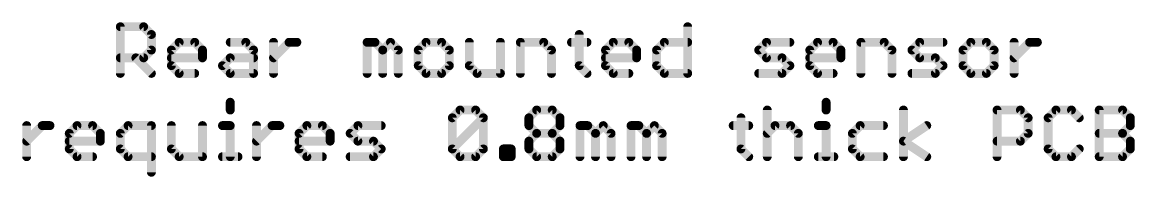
# Model space of a CAD drawing. Extents: x -0.1 to 53.2, y -0.1 to 26.1.
# Drawn here: x 27.78 to 53.25, y 10.76 to 14.29 of the extents above; entities that cross this region are included whole.
import ezdxf

# ---------------------------------------------------------------- set-up
doc = ezdxf.new("R2010")
doc.units = 0
doc.layers.add('20', color=7, linetype='CONTINUOUS')

msp = doc.modelspace()

# ---------------------------------------------------------------- linework, layer by layer
at = {"layer": '20', "const_width": 0.2032}
for points in [[(30.0221, 13.1191), (30.0221, 14.1868)], [(30.0221, 14.1868), (30.556, 14.1868)], [(30.556, 14.1868), (30.7339, 14.0089)], [(43.0126, 14.1868), (43.0126, 13.1191)], [(30.7339, 14.0089), (30.7339, 13.653)], [(40.5297, 14.0089), (40.5297, 13.2971)], [(31.1915, 13.653), (31.3695, 13.8309)], [(31.3695, 13.8309), (31.7254, 13.8309)], [(31.7254, 13.8309), (31.9033, 13.653)], [(32.5389, 13.8309), (32.8948, 13.8309)], [(32.8948, 13.8309), (33.0727, 13.653)], [(33.5303, 13.1191), (33.5303, 13.8309)], [(33.5303, 13.475), (33.8862, 13.8309)], [(33.8862, 13.8309), (34.0642, 13.8309)], [(35.6742, 13.1191), (35.6742, 13.8309)], [(35.6742, 13.8309), (35.8521, 13.8309)], [(35.8521, 13.8309), (36.0301, 13.653)], [(36.0301, 13.653), (36.208, 13.8309)], [(36.208, 13.8309), (36.386, 13.653)], [(37.0215, 13.8309), (36.8436, 13.653)], [(37.3774, 13.8309), (37.0215, 13.8309)], [(37.5554, 13.653), (37.3774, 13.8309)], [(38.013, 13.8309), (38.013, 13.2971)], [(38.7248, 13.1191), (38.7248, 13.8309)], [(39.1824, 13.1191), (39.1824, 13.8309)], [(39.1824, 13.8309), (39.7162, 13.8309)], [(39.7162, 13.8309), (39.8942, 13.653)], [(40.3518, 13.8309), (40.7077, 13.8309)], [(41.1314, 13.653), (41.3093, 13.8309)], [(41.3093, 13.8309), (41.6652, 13.8309)], [(41.6652, 13.8309), (41.8432, 13.653)], [(42.3008, 13.653), (42.4787, 13.8309)], [(42.4787, 13.8309), (43.0126, 13.8309)], [(44.6396, 13.653), (44.8175, 13.8309)], [(44.8175, 13.8309), (45.3514, 13.8309)], [(45.809, 13.653), (45.9869, 13.8309)], [(45.9869, 13.8309), (46.3428, 13.8309)], [(46.3428, 13.8309), (46.5208, 13.653)], [(46.9784, 13.1191), (46.9784, 13.8309)], [(46.9784, 13.8309), (47.5122, 13.8309)], [(47.5122, 13.8309), (47.6902, 13.653)], [(48.1478, 13.653), (48.3257, 13.8309)], [(48.3257, 13.8309), (48.8596, 13.8309)], [(49.4951, 13.8309), (49.3172, 13.653)], [(49.851, 13.8309), (49.4951, 13.8309)], [(50.029, 13.653), (49.851, 13.8309)], [(50.4866, 13.1191), (50.4866, 13.8309)], [(50.4866, 13.475), (50.8425, 13.8309)], [(50.8425, 13.8309), (51.0204, 13.8309)], [(30.556, 13.475), (30.0221, 13.475)], [(30.378, 13.475), (30.7339, 13.1191)], [(30.7339, 13.653), (30.556, 13.475)], [(31.1915, 13.2971), (31.1915, 13.653)], [(31.9033, 13.475), (31.1915, 13.475)], [(31.9033, 13.653), (31.9033, 13.475)], [(32.3609, 13.2971), (32.5389, 13.475)], [(32.5389, 13.475), (33.0727, 13.475)], [(33.0727, 13.653), (33.0727, 13.1191)], [(36.0301, 13.653), (36.0301, 13.1191)], [(36.386, 13.653), (36.386, 13.1191)], [(36.8436, 13.653), (36.8436, 13.2971)], [(37.5554, 13.2971), (37.5554, 13.653)], [(39.8942, 13.653), (39.8942, 13.1191)], [(41.1314, 13.2971), (41.1314, 13.653)], [(41.8432, 13.475), (41.1314, 13.475)], [(41.8432, 13.653), (41.8432, 13.475)], [(42.3008, 13.2971), (42.3008, 13.653)], [(44.8175, 13.475), (44.6396, 13.653)], [(45.1734, 13.475), (44.8175, 13.475)], [(45.3514, 13.2971), (45.1734, 13.475)], [(45.809, 13.2971), (45.809, 13.653)], [(46.5208, 13.475), (45.809, 13.475)], [(46.5208, 13.653), (46.5208, 13.475)], [(47.6902, 13.653), (47.6902, 13.1191)], [(48.3257, 13.475), (48.1478, 13.653)], [(48.6816, 13.475), (48.3257, 13.475)], [(48.8596, 13.2971), (48.6816, 13.475)], [(49.3172, 13.653), (49.3172, 13.2971)], [(50.029, 13.2971), (50.029, 13.653)], [(31.3695, 13.1191), (31.1915, 13.2971)], [(32.5389, 13.1191), (32.3609, 13.2971)], [(36.8436, 13.2971), (37.0215, 13.1191)], [(37.3774, 13.1191), (37.5554, 13.2971)], [(38.013, 13.2971), (38.1909, 13.1191)], [(40.5297, 13.2971), (40.7077, 13.1191)], [(41.3093, 13.1191), (41.1314, 13.2971)], [(42.4787, 13.1191), (42.3008, 13.2971)], [(45.1734, 13.1191), (45.3514, 13.2971)], [(45.9869, 13.1191), (45.809, 13.2971)], [(48.6816, 13.1191), (48.8596, 13.2971)], [(49.3172, 13.2971), (49.4951, 13.1191)], [(49.851, 13.1191), (50.029, 13.2971)], [(31.7254, 13.1191), (31.3695, 13.1191)], [(33.0727, 13.1191), (32.5389, 13.1191)], [(37.0215, 13.1191), (37.3774, 13.1191)], [(38.1909, 13.1191), (38.7248, 13.1191)], [(41.6652, 13.1191), (41.3093, 13.1191)], [(43.0126, 13.1191), (42.4787, 13.1191)], [(44.6396, 13.1191), (45.1734, 13.1191)], [(46.3428, 13.1191), (45.9869, 13.1191)], [(48.1478, 13.1191), (48.6816, 13.1191)], [(49.4951, 13.1191), (49.851, 13.1191)], [(32.5388, 12.4598), (32.5388, 12.2818)], [(46.1818, 12.4598), (46.1818, 12.2818)], [(37.6232, 12.1039), (37.8011, 12.2818)], [(37.8011, 12.2818), (38.157, 12.2818)], [(38.157, 12.2818), (38.335, 12.1039)], [(39.3773, 12.1039), (39.5552, 12.2818)], [(39.5552, 12.2818), (39.9111, 12.2818)], [(39.9111, 12.2818), (40.0891, 12.1039)], [(44.8345, 12.2818), (44.8345, 11.2141)], [(47.9528, 11.2141), (47.9528, 12.2818)], [(50.0967, 11.2141), (50.0967, 12.2818)], [(50.0967, 12.2818), (50.6306, 12.2818)], [(50.6306, 12.2818), (50.8085, 12.1039)], [(51.4441, 12.2818), (51.2661, 12.1039)], [(51.8, 12.2818), (51.4441, 12.2818)], [(51.9779, 12.1039), (51.8, 12.2818)], [(52.4355, 11.2141), (52.4355, 12.2818)], [(52.4355, 12.2818), (52.9694, 12.2818)], [(52.9694, 12.2818), (53.1473, 12.1039)], [(27.8782, 11.2141), (27.8782, 11.9259)], [(27.8782, 11.57), (28.2341, 11.9259)], [(28.2341, 11.9259), (28.4121, 11.9259)], [(28.8527, 11.748), (29.0307, 11.9259)], [(29.0307, 11.9259), (29.3866, 11.9259)], [(29.3866, 11.9259), (29.5645, 11.748)], [(30.2001, 11.9259), (30.0221, 11.748)], [(30.7339, 11.9259), (30.2001, 11.9259)], [(30.7339, 10.8582), (30.7339, 11.9259)], [(31.1915, 11.9259), (31.1915, 11.3921)], [(31.9033, 11.2141), (31.9033, 11.9259)], [(32.3609, 11.9259), (32.5388, 11.9259)], [(32.5388, 11.9259), (32.5388, 11.2141)], [(33.1405, 11.2141), (33.1405, 11.9259)], [(33.1405, 11.57), (33.4964, 11.9259)], [(33.4964, 11.9259), (33.6743, 11.9259)], [(34.115, 11.748), (34.2929, 11.9259)], [(34.2929, 11.9259), (34.6488, 11.9259)], [(34.6488, 11.9259), (34.8268, 11.748)], [(35.2844, 11.748), (35.4623, 11.9259)], [(35.4623, 11.9259), (35.9962, 11.9259)], [(37.6232, 11.3921), (37.6232, 12.1039)], [(37.6232, 11.3921), (38.335, 12.1039)], [(38.335, 12.1039), (38.335, 11.3921)], [(39.3773, 11.9259), (39.3773, 12.1039)], [(39.5552, 11.748), (39.3773, 11.9259)], [(40.0891, 11.9259), (39.9111, 11.748)], [(40.0891, 12.1039), (40.0891, 11.9259)], [(40.5467, 11.2141), (40.5467, 11.9259)], [(40.5467, 11.9259), (40.7246, 11.9259)], [(40.7246, 11.9259), (40.9026, 11.748)], [(40.9026, 11.748), (41.0805, 11.9259)], [(41.0805, 11.9259), (41.2585, 11.748)], [(41.7161, 11.2141), (41.7161, 11.9259)], [(41.7161, 11.9259), (41.894, 11.9259)], [(41.894, 11.9259), (42.072, 11.748)], [(42.072, 11.748), (42.2499, 11.9259)], [(42.2499, 11.9259), (42.4279, 11.748)], [(44.0549, 11.9259), (44.4108, 11.9259)], [(44.2328, 12.1039), (44.2328, 11.3921)], [(44.8345, 11.748), (45.0124, 11.9259)], [(45.0124, 11.9259), (45.3683, 11.9259)], [(45.3683, 11.9259), (45.5463, 11.748)], [(46.0039, 11.9259), (46.1818, 11.9259)], [(46.1818, 11.9259), (46.1818, 11.2141)], [(46.9614, 11.9259), (46.7835, 11.748)], [(47.4953, 11.9259), (46.9614, 11.9259)], [(47.9528, 11.57), (48.4867, 11.9259)], [(50.8085, 12.1039), (50.8085, 11.748)], [(51.2661, 12.1039), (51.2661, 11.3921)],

***

PROBLEM TO SOLVE:
Of the entries above, transcribe exactly those lines that fall between the line containing "# Drawn here: x" and the line containing "doc.units = 0", together with those two lines.

SOLUTION TO THIS PROBLEM:
# Drawn here: x 27.78 to 53.25, y 10.76 to 14.29 of the extents above; entities that cross this region are included whole.
import ezdxf

# ---------------------------------------------------------------- set-up
doc = ezdxf.new("R2010")
doc.units = 0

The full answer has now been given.